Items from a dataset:
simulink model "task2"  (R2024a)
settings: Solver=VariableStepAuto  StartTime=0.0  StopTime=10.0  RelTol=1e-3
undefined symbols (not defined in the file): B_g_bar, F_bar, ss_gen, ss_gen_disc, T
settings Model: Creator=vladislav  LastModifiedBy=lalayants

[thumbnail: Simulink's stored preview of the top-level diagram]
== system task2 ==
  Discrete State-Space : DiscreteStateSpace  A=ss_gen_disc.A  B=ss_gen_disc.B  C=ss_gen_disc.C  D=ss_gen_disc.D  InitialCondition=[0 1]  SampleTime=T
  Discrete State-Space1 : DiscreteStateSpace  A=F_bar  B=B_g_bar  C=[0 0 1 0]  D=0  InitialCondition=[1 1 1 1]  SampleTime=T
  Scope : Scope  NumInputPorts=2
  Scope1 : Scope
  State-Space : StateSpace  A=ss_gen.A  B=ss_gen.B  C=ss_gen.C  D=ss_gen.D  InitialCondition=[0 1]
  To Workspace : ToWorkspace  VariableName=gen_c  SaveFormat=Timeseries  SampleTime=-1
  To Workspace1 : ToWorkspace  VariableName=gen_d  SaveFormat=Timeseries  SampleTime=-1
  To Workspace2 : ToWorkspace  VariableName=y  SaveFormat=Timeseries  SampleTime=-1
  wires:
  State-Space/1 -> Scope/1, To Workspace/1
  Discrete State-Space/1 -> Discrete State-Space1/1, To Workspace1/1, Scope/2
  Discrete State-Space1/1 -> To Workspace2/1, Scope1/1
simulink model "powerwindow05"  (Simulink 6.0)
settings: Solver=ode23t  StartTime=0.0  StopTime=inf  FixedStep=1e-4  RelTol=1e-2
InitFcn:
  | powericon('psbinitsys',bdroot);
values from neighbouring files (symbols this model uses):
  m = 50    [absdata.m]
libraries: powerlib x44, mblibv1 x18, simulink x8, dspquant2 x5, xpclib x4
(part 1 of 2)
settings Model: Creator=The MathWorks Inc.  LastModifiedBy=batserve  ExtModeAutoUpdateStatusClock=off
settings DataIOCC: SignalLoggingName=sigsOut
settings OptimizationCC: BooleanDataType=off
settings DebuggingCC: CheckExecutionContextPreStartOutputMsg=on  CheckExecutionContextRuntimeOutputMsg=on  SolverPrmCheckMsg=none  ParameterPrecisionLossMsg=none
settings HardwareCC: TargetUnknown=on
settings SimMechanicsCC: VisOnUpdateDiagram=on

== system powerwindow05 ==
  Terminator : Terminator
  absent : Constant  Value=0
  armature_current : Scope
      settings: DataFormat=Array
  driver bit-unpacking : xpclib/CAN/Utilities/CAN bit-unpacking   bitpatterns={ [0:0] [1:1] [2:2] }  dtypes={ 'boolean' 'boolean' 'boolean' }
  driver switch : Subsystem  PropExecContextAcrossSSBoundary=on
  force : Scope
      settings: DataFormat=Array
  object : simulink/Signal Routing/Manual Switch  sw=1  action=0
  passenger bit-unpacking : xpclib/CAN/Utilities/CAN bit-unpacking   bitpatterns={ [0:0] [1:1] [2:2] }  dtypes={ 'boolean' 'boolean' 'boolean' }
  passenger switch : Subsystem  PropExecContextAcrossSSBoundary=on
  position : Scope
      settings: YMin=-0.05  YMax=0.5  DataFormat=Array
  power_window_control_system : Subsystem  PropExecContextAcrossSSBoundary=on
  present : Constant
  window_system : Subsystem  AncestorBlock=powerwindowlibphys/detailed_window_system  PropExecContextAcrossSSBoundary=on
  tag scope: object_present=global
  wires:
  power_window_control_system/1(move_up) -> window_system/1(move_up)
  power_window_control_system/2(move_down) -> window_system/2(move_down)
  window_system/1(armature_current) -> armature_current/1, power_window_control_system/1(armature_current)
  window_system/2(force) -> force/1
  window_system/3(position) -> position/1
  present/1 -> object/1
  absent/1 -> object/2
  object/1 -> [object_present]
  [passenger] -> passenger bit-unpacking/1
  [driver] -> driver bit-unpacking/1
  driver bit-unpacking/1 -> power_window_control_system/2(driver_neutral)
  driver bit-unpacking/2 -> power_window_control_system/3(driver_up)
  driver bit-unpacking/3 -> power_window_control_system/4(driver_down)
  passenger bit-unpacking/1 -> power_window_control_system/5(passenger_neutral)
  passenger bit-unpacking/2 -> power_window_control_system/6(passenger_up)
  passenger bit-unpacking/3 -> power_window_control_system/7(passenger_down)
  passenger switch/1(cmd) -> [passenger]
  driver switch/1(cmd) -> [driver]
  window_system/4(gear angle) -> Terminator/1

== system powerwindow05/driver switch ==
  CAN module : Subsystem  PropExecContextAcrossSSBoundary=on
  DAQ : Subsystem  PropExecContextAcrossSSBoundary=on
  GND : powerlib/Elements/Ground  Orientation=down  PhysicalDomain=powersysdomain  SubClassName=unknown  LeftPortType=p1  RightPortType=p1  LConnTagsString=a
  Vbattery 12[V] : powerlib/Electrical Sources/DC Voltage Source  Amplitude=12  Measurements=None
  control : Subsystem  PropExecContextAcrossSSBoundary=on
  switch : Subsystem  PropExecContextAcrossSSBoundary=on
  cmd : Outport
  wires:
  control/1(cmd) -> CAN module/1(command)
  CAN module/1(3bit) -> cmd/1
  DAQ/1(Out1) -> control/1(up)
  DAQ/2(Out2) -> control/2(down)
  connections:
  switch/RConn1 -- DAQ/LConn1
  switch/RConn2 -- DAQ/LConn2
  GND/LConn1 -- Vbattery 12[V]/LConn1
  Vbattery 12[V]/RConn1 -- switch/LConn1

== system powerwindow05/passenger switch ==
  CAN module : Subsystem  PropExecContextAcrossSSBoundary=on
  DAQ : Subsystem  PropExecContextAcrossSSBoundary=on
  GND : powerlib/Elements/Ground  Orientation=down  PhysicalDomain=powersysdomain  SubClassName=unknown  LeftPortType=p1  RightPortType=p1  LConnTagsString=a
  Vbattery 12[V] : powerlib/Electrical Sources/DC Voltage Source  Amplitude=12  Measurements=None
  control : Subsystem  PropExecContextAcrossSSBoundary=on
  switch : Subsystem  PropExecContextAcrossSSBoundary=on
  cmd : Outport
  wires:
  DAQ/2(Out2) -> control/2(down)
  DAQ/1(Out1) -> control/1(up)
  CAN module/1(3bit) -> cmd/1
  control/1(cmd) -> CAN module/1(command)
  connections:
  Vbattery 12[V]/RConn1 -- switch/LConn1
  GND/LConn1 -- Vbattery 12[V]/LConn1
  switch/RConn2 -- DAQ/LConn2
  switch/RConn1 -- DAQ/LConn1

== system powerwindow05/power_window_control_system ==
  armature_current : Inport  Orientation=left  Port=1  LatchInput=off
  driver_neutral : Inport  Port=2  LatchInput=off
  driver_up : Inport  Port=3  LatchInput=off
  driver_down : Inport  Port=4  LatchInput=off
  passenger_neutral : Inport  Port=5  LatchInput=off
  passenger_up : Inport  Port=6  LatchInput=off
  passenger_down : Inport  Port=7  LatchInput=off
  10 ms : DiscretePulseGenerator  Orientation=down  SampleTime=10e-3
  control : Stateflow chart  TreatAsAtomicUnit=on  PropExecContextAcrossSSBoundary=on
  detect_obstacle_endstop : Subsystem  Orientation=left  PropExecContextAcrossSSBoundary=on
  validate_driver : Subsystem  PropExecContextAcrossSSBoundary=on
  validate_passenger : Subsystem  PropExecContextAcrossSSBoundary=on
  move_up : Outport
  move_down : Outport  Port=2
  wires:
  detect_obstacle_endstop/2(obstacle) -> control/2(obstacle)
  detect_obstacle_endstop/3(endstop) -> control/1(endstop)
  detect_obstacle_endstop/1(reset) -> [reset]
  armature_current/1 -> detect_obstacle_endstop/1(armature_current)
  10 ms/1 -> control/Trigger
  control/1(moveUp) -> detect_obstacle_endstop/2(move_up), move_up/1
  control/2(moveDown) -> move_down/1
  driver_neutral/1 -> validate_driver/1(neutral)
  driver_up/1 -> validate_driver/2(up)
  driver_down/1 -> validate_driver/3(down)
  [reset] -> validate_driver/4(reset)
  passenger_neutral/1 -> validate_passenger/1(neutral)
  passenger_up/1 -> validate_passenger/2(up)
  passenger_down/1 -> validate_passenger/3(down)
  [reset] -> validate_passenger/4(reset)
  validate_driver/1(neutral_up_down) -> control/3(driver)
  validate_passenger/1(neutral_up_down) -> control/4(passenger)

**WORK INSTRUCTION:** Scan the entries above for the line containing "passenger_down : Inport", and copy it and all lines after it exactly, down to and including the line containing "driver_down/1 -> validate_driver/3(down)".

**OUTPUT BELOW:**
  passenger_down : Inport  Port=7  LatchInput=off
  10 ms : DiscretePulseGenerator  Orientation=down  SampleTime=10e-3
  control : Stateflow chart  TreatAsAtomicUnit=on  PropExecContextAcrossSSBoundary=on
  detect_obstacle_endstop : Subsystem  Orientation=left  PropExecContextAcrossSSBoundary=on
  validate_driver : Subsystem  PropExecContextAcrossSSBoundary=on
  validate_passenger : Subsystem  PropExecContextAcrossSSBoundary=on
  move_up : Outport
  move_down : Outport  Port=2
  wires:
  detect_obstacle_endstop/2(obstacle) -> control/2(obstacle)
  detect_obstacle_endstop/3(endstop) -> control/1(endstop)
  detect_obstacle_endstop/1(reset) -> [reset]
  armature_current/1 -> detect_obstacle_endstop/1(armature_current)
  10 ms/1 -> control/Trigger
  control/1(moveUp) -> detect_obstacle_endstop/2(move_up), move_up/1
  control/2(moveDown) -> move_down/1
  driver_neutral/1 -> validate_driver/1(neutral)
  driver_up/1 -> validate_driver/2(up)
  driver_down/1 -> validate_driver/3(down)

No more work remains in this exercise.